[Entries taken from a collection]

·····

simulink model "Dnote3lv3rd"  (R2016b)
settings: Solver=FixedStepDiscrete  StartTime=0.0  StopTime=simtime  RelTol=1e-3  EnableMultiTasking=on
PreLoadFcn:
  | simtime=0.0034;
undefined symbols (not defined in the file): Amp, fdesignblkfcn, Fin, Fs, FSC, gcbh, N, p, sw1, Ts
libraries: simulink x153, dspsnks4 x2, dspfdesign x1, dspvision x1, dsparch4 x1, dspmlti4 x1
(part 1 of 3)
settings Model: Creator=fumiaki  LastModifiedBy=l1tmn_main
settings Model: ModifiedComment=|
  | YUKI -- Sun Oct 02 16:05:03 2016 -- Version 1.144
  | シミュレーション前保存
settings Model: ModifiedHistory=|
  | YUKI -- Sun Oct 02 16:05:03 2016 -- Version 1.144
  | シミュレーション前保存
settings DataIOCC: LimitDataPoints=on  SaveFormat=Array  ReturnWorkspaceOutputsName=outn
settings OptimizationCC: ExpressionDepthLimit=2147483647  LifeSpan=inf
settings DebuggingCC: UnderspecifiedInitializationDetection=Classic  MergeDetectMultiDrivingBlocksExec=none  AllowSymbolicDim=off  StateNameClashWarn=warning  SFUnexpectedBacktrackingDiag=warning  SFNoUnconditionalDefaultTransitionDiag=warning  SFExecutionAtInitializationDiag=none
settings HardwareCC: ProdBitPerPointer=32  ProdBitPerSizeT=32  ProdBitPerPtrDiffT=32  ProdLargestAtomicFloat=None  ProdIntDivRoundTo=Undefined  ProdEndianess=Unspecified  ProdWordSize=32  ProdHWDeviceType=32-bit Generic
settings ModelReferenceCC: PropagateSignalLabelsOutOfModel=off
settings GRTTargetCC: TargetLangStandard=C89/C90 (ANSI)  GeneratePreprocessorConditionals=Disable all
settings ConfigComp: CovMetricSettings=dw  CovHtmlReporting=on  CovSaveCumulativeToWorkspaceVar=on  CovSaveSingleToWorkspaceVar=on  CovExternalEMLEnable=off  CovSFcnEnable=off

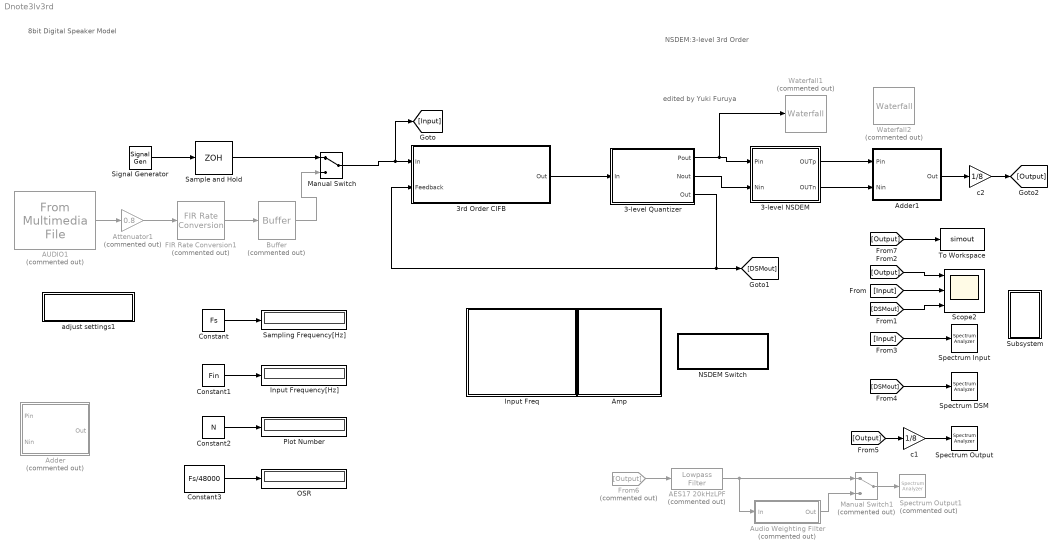
== system Dnote3lv3rd ==
  note: 8bit Digital Speaker Model
  note: edited by Yuki Furuya
  note: NSDEM:3-level 3rd Order
  "3-level NSDEM " : Subsystem  mask(3値化NSDEM){gain=[1 8 128], satulation=400}
      mask prompts: gain "フィードバック係数[1段目 2段目 ３段目]"; satulation "飽和器の値"
      mask init:
      | A=gain(1);
      | B=gain(2);
      | C=gain(3);
      | 
      | ns_fb=0;
      | 
      | SAT=satulation;
  3-level Quantizer : Subsystem
  3rd Order CIFB : Subsystem  mask(3次ΔΣ変調器(CIFB)){model=簡易モデル, FBgain=[1 3 3], INgain=[1 0 0 0], INTEGgain=[1 1 1], RESOgain=0, sat=inf}
      mask prompts: model "モデル選択"; FBgain "量子化器からのフィードバック係数 [a1 a2 a3]"; INgain "変調器から積分器の入力の係数[b1 b2 b3 b4]"; INTEGgain "積分器間の係数[c1 c2 c3]"; RESOgain "共鳴器の係数[g1]"; sat "飽和器の値[sat]"
      mask help:
      | 3次ΔΣ変調器(CIFB)のパラメータ設定
      | 簡易モデルにはa1=1; a2=3; a3=3; b1=1; b2~b4=0; c1=c2=c3=1; g1=0;を採用しています
      | 詳細モデルで任意の値を入力することが可能です。
      |
      | 係数設計にはΔΣtool boxがおすすめです。
      | 参考URL="https://pub.maruzen.co.jp/book_magazine/support/analog_digital/AppedixB_j.pdf"
      mask init:
      | if model=='簡易モデル'
      |     a1=1; a2=3; a3=3;
      |     b1=1; b2=0; b3=0; b4=0;
      |     c1=1; c2=1; c3=1;
      |     g1=0;
      |     sat=inf;
      | end
      | 
      | a1=FBgain(1);
      | a2=FBgain(2);
      | a3=FBgain(3);
      | 
      | b1=INgain(1);
      | b2=INgain(2);
      | b3=INgain(3);
      | b4=INgain(4);
      | 
      | c1=INTEGgain(1);
      | c2=INTEGgain(2);
      | c3=INTEGgain(3);
      | 
      | g1=RESOgain;
      | 
      | sat=sat;
      mask Help:
      | 3次ΔΣ変調器(CIFB)システムです。
      | 係数設定が必要です
      mask TypeOptions model: 簡易モデル | 詳細モデル
      mask Callback model:
      | enab = get_param(gcb,'model');
      | 
      | if enab=='簡易モデル'
      |     set_param(gcb,'MaskEnables',{'on','off','off','off','off','off',});
      | else
      |     set_param(gcb,'MaskEnables',{'on','on','on','on','on','on',});
      | end
  AES17 20kHzLPF : dspfdesign/Lowpass Filter  Commented=on  FilterType=FIR  DesignForMinimumOrder=on  FilterOrder=50  PassbandFrequency=20e3  StopbandFrequency=24e3  PassbandRipple=0.1  StopbandAttenuation=60  InheritSampleRate=on  SampleRate=48e3  SimulateUsing=Interpreted execution  roundingMode=Floor  coeffsDataTypeStr=fixdt(1,16)
  AUDIO1 : dspvision/From Multimedia File  Commented=on  inputFilename=/AudioSample.wav  loop=on  numPlays=1  outputStreams=Audio only  videoDataType=single  audioDataType=double  inheritSampleTime=on  userDefinedSampleTime=1/30  noAudioOutput=off  isIntensityVideo=off  fourcc=RGB  colorVideoFormat=One multidimensional signal  outputEOF=off  dataOrg=Column-major  audioFrameSize=q  computeAudioFrameSize=off  outSamplingMode=Sample based
  Adder : Subsystem  Commented=on  mask(加算器){enableerr=on, errratio=40}
      mask prompts: enableerr "製造誤差あり"; errratio "ミスマッチ[%]"
      mask help:
      | OUTpとOUTnを加算するモジュールです。
      | 誤差ありの信号が必要な場合はチェックボックスをONにしてください。
      mask init:
      | if ~enableerr
      |     err=ones(1,8);
      | else
      |     err=ones(1,8);
      |     by=errratio*0.01;
      |     a=1-by;
      |     b=1+by;
      |     rng(0,'twister');
      |     r = (b-1).*rand(1,8)+a;
      |     for i = 1:8
      |         err(i)=r(i);
      |     end
      | end
      mask Callback enableerr:
      | % Use the dialog callback to set the
      | % enabling and visibility of parameters
      | 
      | % Get the value of the Enable Bias checkbox
      | % unchecked = 'off'
      | % checked = 'on'
      | enab = get_param(gcb,'enableerr');
      | 
      | % Set the 'MaskVisililities' property for each parameters
      | if strcmp(enab,'on')
      |     set_param(gcb,'MaskVisibilities',{'on','on'});
      | else
      |     set_param(gcb,'MaskVisibilities',{'on','off'});
      | end
      | 
      | % Note that the value of the bias is not handled here.
      | % See the Initialization tab
  Adder1 : Subsystem  mask(加算器){enableerr=on, errratio=1}
      mask prompts: enableerr "製造誤差あり"; errratio "ミスマッチ[%]"
      mask help:
      | OUTpとOUTnを加算するモジュールです。
      | 誤差ありの信号が必要な場合はチェックボックスをONにしてください。
      mask init: same as Dnote3lv3rd/Adder
      mask Callback enableerr:
      | % Use the dialog callback to set the
      | % enabling and visibility of parameters
      | 
      | % Get the value of the Enable Bias checkbox
      | % unchecked = 'off'
      | % checked = 'on'
      | enab = get_param(gcb,'enableerr');
      | 
      | % Set the 'MaskVisililities' property for each parameters
      | if strcmp(enab,'on')
      |     set_param(gcb,'MaskVisibilities',{'on','on'});
      | else
      |     set_param(gcb,'MaskVisibilities',{'on','off'});
      | end
      | 
      | % Note that the value of the bias is not handled here.
      | % See the Initialization tab
  Amp : Subsystem  DialogController=hmiCreateDDGDialog  IsWebBlock=on  mask(MWDashboardBlock){webBlockId=3851c67f-551c-41d9-8c95-25d9ea438bcf, webBlockType=continuousknob, ShowInLibBrowser=on, ShowInitialText=on, HMISrcModelName=Dnote3lv3rd}
      mask prompts: webBlockId "WebBlock Id"; webBlockType "WebBlock Type"; HMISrcModelName "Source Model"
      mask Help: helpview([docroot '/mapfiles/simulink.map'], 'hmi_knob')
      mask Display:
      | if strcmp(get_param(bdroot(gcb),'BlockDiagramType'), 'library')
      |     image([(matlabroot) '/toolbox/simulink/hmi/icons/ContinuousKnob.png']);
      | end
  Attenuator1 : Gain  Commented=on  Gain=0.8  OutDataTypeStr=Inherit: Same as input  ParamDataTypeStr=Inherit: Same as input
  Audio Weighting Filter : Subsystem  Commented=on  DialogController=fdesignblkfcn  InitFcn=fdesignblkfcn(gcbh, {'InitFcn'});  mask(Audio Weighting Filter){}
      mask help: Design an audio weighting filter
      settings: CopyFcn=fdesignblkfcn(gcbh, {'CopyFcn'});
      mask Help: helpview(mapfilelocation('dsp'), 'dspaudioweightingfilter');
      mask Display: disp('Audio Weighting')
  Buffer : Buffer  Commented=on  N=1
  Constant : Constant  Value=Fs
  Constant1 : Constant  Value=Fin
  Constant2 : Constant  Value=N
  Constant3 : Constant  Value=Fs/48000
      mask Display: disp('OSR')
  FIR Rate Conversion1 : dspmlti4/FIR Rate Conversion  Commented=on  FilterSource=Dialog parameters  L=p  h=firpm(70,[0 .28 .32 1],[1 1 0 0])  M=q  FilterObject=Hm_firsrc  roundingMode=Floor  overflowMode=off  firstCoeffDataTypeStr=Inherit: Same word length as input  firstCoeffMin=[]  firstCoeffMax=[]  firstCoeffLastDataTypeStr=Inherit: Same word length as input  outputDataTypeStr=Inherit: Same as accumulator  outputMin=[]  outputMax=[]  outputLastDataTypeStr=Inherit: Same as accumulator
  From6 : From  Commented=on  GotoTag=Output
  Input Freq : Subsystem  DialogController=hmiCreateDDGDialog  IsWebBlock=on  mask(MWDashboardBlock){webBlockId=c57420c8-b641-4940-bc6c-5212ea864b9b, webBlockType=continuousknob, ShowInLibBrowser=on, ShowInitialText=on, HMISrcModelName=Dnote3lv3rd}
      mask prompts: webBlockId "WebBlock Id"; webBlockType "WebBlock Type"; HMISrcModelName "Source Model"
      mask Help: helpview([docroot '/mapfiles/simulink.map'], 'hmi_knob')
      mask Display:
      | if strcmp(get_param(bdroot(gcb),'BlockDiagramType'), 'library')
      |     image([(matlabroot) '/toolbox/simulink/hmi/icons/ContinuousKnob.png']);
      | end
  Input Frequency[Hz] : Display
  Manual Switch : ManualSwitch
  Manual Switch1 : ManualSwitch  Commented=on
  NSDEM Switch : Subsystem  DialogController=hmiCreateDDGDialog  IsWebBlock=on  mask(MathWorksWebBlock){webBlockId=b2297bbe-88b1-438d-afef-1205d982b626, webBlockType=sliderswitch, ShowInLibBrowser=on, ShowInitialText=on, HMISrcModelName=Dnote3lv3rd}
      mask prompts: webBlockId "WebBlock Id"; webBlockType "WebBlock Type"; HMISrcModelName "Source Model"
      mask Help: helpview([docroot '/mapfiles/simulink.map'], 'hmi_slider_switch')
      mask Display:
      | if strcmp(get_param(bdroot(gcb),'BlockDiagramType'), 'library')
      |     image([(matlabroot) '/toolbox/simulink/hmi/icons/SliderSwitch.png']);
      | end
  OSR : Display
  Plot Number : Display
  Sample and Hold : ZeroOrderHold  SampleTime=Ts
  Sampling Frequency[Hz] : Display
  Scope2 : Scope  NumInputPorts=3
  Signal Generator : SignalGenerator  Amplitude=Amp  Frequency=Fin
  Spectrum DSM : SpectrumAnalyzer
  Spectrum Input : SpectrumAnalyzer
  Spectrum Output : SpectrumAnalyzer
  Spectrum Output1 : SpectrumAnalyzer  Commented=on
  Subsystem : Subsystem
  To Workspace : ToWorkspace  VariableName=simout  SampleTime=-1
  Waterfall1 : dspsnks4/Waterfall  Commented=on  TraceProperties=off  NumTraces=8  CMapStr=red  TNewest=1  TOldest=0  HistoryLength=30  HistoryFull=Overwrite  UpdateInterval=1  ExportMode=Selected  MLExportName=ExportData  AutoExport=off  DisplayProperties=off  MouseMode=Orbit  AxisGrid=on  Snapshot=off  Suspend=off  SyncSnapshots=off  OpenScopeAtSimStart=off  FigPos=[657 331 413 324]  CameraView=[89.3889433100501 -276.781767245131 276.174253738902 0 5 3.5 0.767275197493131 1.68975903939443 -1.63514406758836 1.43035830301383 1 5 3]  InportDimsHint=[8 1]  AxisProperties=off  AxisColor='w'  XLabel=Speaker  YLabel=Logic  ZLabel=Time  TriggerProperties=off  TrigStartMode=Immediately  TrigStartT=0  TrigStartN=0  TrigStartFcn=trigbegin  TrigStopMode=Never  TrigStopT=0.1  TrigStopN=1  TrigStopFcn=trigend  TrigRearmMode=Never  TrigRearmT=0  TrigRearmN=0  TrigRearmFcn=trigrearm  XformProperties=on  XformMode=None  XformFcn=abs  XformExpr=(u+1)/2
      settings: YMin=0  YMax=1
  Waterfall2 : dspsnks4/Waterfall  Commented=on  TraceProperties=off  NumTraces=8  CMapStr=red  TNewest=1  TOldest=0  HistoryLength=30  HistoryFull=Overwrite  UpdateInterval=1  ExportMode=Selected  MLExportName=ExportData  AutoExport=off  DisplayProperties=off  MouseMode=Orbit  AxisGrid=on  Snapshot=off  Suspend=off  SyncSnapshots=off  OpenScopeAtSimStart=off  FigPos=[657 331 413 324]  CameraView=[89.3889433100501 -276.781767245131 276.174253738902 0 5 3.5 0.767275197493131 1.68975903939443 -1.63514406758836 1.43035830301383 1 5 3]  InportDimsHint=[8 1]  AxisProperties=off  AxisColor='w'  XLabel=Speaker  YLabel=Logic  ZLabel=Time  TriggerProperties=off  TrigStartMode=Immediately  TrigStartT=0  TrigStartN=0  TrigStartFcn=trigbegin  TrigStopMode=Never  TrigStopT=0.1  TrigStopN=1  TrigStopFcn=trigend  TrigRearmMode=Never  TrigRearmT=0  TrigRearmN=0  TrigRearmFcn=trigrearm  XformProperties=on  XformMode=None  XformFcn=abs  XformExpr=(u+1)/2
      settings: YMin=0  YMax=1
  adjust settings1 : Subsystem  Priority=1  mask(初期設定){N=48*128*50, Enablemode=on, EnableNSDEM=on, osr=128, Fin=1000, INGAIN=dBFS, Amp=0.5, AmpdB=-6}
      mask prompts: N "ポイント数(48*OSR*K, ※Kは任意の自然数)"; Enablemode "信号漏洩防止モード(推奨)"; EnableNSDEM "NSDEM使用"; osr "OSR(48kHz基準)"; Fin "入力周波数[Hz]"; INGAIN "入力振幅"; Amp "ダイヤル"; AmpdB "フルスケールに対する入力[dBFS]"
      mask help:
      | このモデルを動かすための初期設定です
      | 信号漏洩モードにチェックをいれると入力したポイント数にもっとも近い適切な値に変更してFFTを行う際に信号漏洩を防いでくれます。
      | 任意のポイント数を使用したい場合はチェックを入れないでください。
      |
      | NSDEM使用のチェックボックスはNSDEMを使用するか否かを選択することができます。
      mask init:
      | Fs=osr*48000; %サンプリング周波数
      | 
      | if EnableNSDEM
      |     sw=1;
      | else
      |     sw=0;
      | end
      | 
      | if INGAIN==1
      |     Amp=Amp;
      | else
      |     Amp=db2mag(AmpdB);
      | end
      | 
      | if Enablemode
      |      assignin('base', 'Noriginal', N);
      |     base = Fs/Fin;
      |     K = N/base;
      |     intK = round(K);
      |     N = base*intK;
      | end
      | 
      | 
      | [p,q] = rat(Fs/44100,0.0001) 
      | Ts=1/Fs;                                               %サンプリング周期
      | %fB = ceil(Fs*N/(2*osr));                   %帯域幅をfsの1/2*OSRと定義
      | %f0 = floor(2/3*fB);                            %入力信号を帯域幅内の2/3へ
      | %finrad= 2*pi/N*f0;                            %入力各周波数も正規化 to simlink
      | Offset = 1000;                                     %定常状態を扱うため初期動作の300plotは省く
      | simtime = (N+Offset)*Ts; 
      | %simtime = (N-1)*Ts; 
      | FSC=1;
      | 
      | %各変数をMATLABのワークスペースへ送る
      | assignin('base', 'simtime', simtime);
      | assignin('base','Fs' ,Fs);
      | assignin('base','Ts' ,Ts);
      | assignin('base','FSC' ,FSC);
      | assignin('base','Amp' ,Amp);
      | assignin('base','Fin' ,Fin);
      | assignin('base', 'simtime', simtime);
      | assignin('base', 'sw1', sw);
      | assignin('base', 'N', N);
      | assignin('base', 'Offset', Offset);
      | assignin('base', 'INGAIN',INGAIN );
      | assignin('base', 'p', p);
      | assignin('base', 'q', q);
      mask TypeOptions INGAIN: ダイヤル | dBFS
      mask Callback INGAIN:
      | enab = get_param(gcb,'INGAIN');
      | 
      | if enab=='ダイヤル'
      |     set_param(gcb,'MaskVisibilities',{'on','on','on','on','on','on','on','off'});
      | else
      |     set_param(gcb,'MaskVisibilities',{'on','on','on','on','on','on','off','on'});
      | end
      mask Display: disp('Simulation Settings')
  c1 : Gain  Gain=1/8  OutDataTypeStr=Inherit: Same as input  ParamDataTypeStr=Inherit: Same as input
  c2 : Gain  Gain=1/8  OutDataTypeStr=Inherit: Same as input  ParamDataTypeStr=Inherit: Same as input
  wires:
  3rd Order CIFB/1(Out) -> 3-level Quantizer/1(In)
  3-level Quantizer/3(Out) -> [DSMout], 3rd Order CIFB/2(Feedback)
  3-level Quantizer/1(Pout) -> Waterfall1/1, "3-level NSDEM "/1(Pin)
  Signal Generator/1 -> Sample and Hold/1
  AUDIO1/1 -> Attenuator1/1
  Attenuator1/1 -> FIR Rate Conversion1/1
  Sample and Hold/1 -> Manual Switch/1
  FIR Rate Conversion1/1 -> Buffer/1
  Manual Switch/1 -> [Input], 3rd Order CIFB/1(In)
  Buffer/1 -> Manual Switch/2
  Constant/1 -> Sampling Frequency[Hz]/1
  Constant1/1 -> Input Frequency[Hz]/1
  [Output] -> Scope2/1
  [Input] -> Scope2/2
  [DSMout] -> Scope2/3
  [Input] -> Spectrum Input/1
  [DSMout] -> Spectrum DSM/1
  From6/1 -> AES17 20kHzLPF/1
  Manual Switch1/1 -> Spectrum Output1/1
  AES17 20kHzLPF/1 -> Audio Weighting Filter/1(In), Manual Switch1/1
  Audio Weighting Filter/1(Out) -> Manual Switch1/2
  3-level Quantizer/2(Nout) -> "3-level NSDEM "/2(Nin)
  "3-level NSDEM "/1(OUTp) -> Adder1/1(Pin)
  "3-level NSDEM "/2(OUTn) -> Adder1/2(Nin)
  [Output] -> c1/1
  c1/1 -> Spectrum Output/1
  [Output] -> To Workspace/1
  c2/1 -> [Output]
  Adder1/1(Out) -> c2/1
  Constant2/1 -> Plot Number/1
  Constant3/1 -> OSR/1

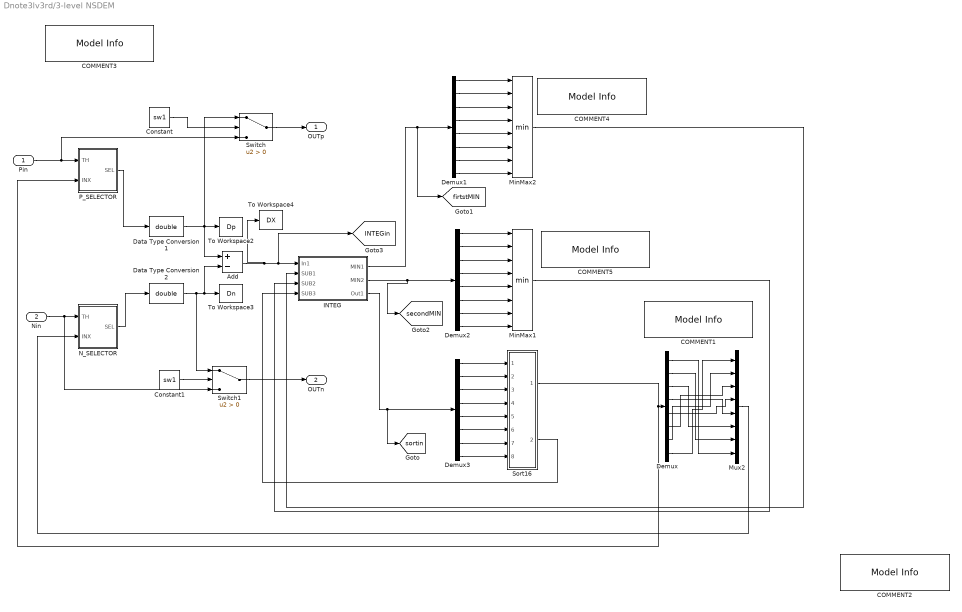
== system Dnote3lv3rd/3-level NSDEM  ==
  Pin : Inport
  Nin : Inport  Port=2
  Add : Sum  Inputs=+-
  COMMENT1 : simulink/Model-Wide Utilities/Model Info  Frame=on  DisplayStringWithTags=|  HorizontalTextAlignment=Center  LeftAlignmentValue=0.5  SourceBlockDiagram=Dnote  TagMaxNumber=20
      | バイトニックマージソートにより
      | スピーカの+側の使用頻度順に
      | 並び替え
  COMMENT2 : simulink/Model-Wide Utilities/Model Info  Frame=on  DisplayStringWithTags=p用に-側の使用頻度が少ない順に 並び替え  HorizontalTextAlignment=Center  LeftAlignmentValue=0.5  SourceBlockDiagram=Dnote  TagMaxNumber=20
  COMMENT3 : simulink/Model-Wide Utilities/Model Info  Frame=on  DisplayStringWithTags=どのスピーカを使用すべきか選択  HorizontalTextAlignment=Center  LeftAlignmentValue=0.5  SourceBlockDiagram=Dnote  TagMaxNumber=20
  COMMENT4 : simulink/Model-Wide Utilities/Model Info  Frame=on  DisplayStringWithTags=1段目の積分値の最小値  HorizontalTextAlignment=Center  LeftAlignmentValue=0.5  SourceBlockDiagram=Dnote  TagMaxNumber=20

·····

Determine the number of lines in the entries that contain "Hold", then write that number alone.

3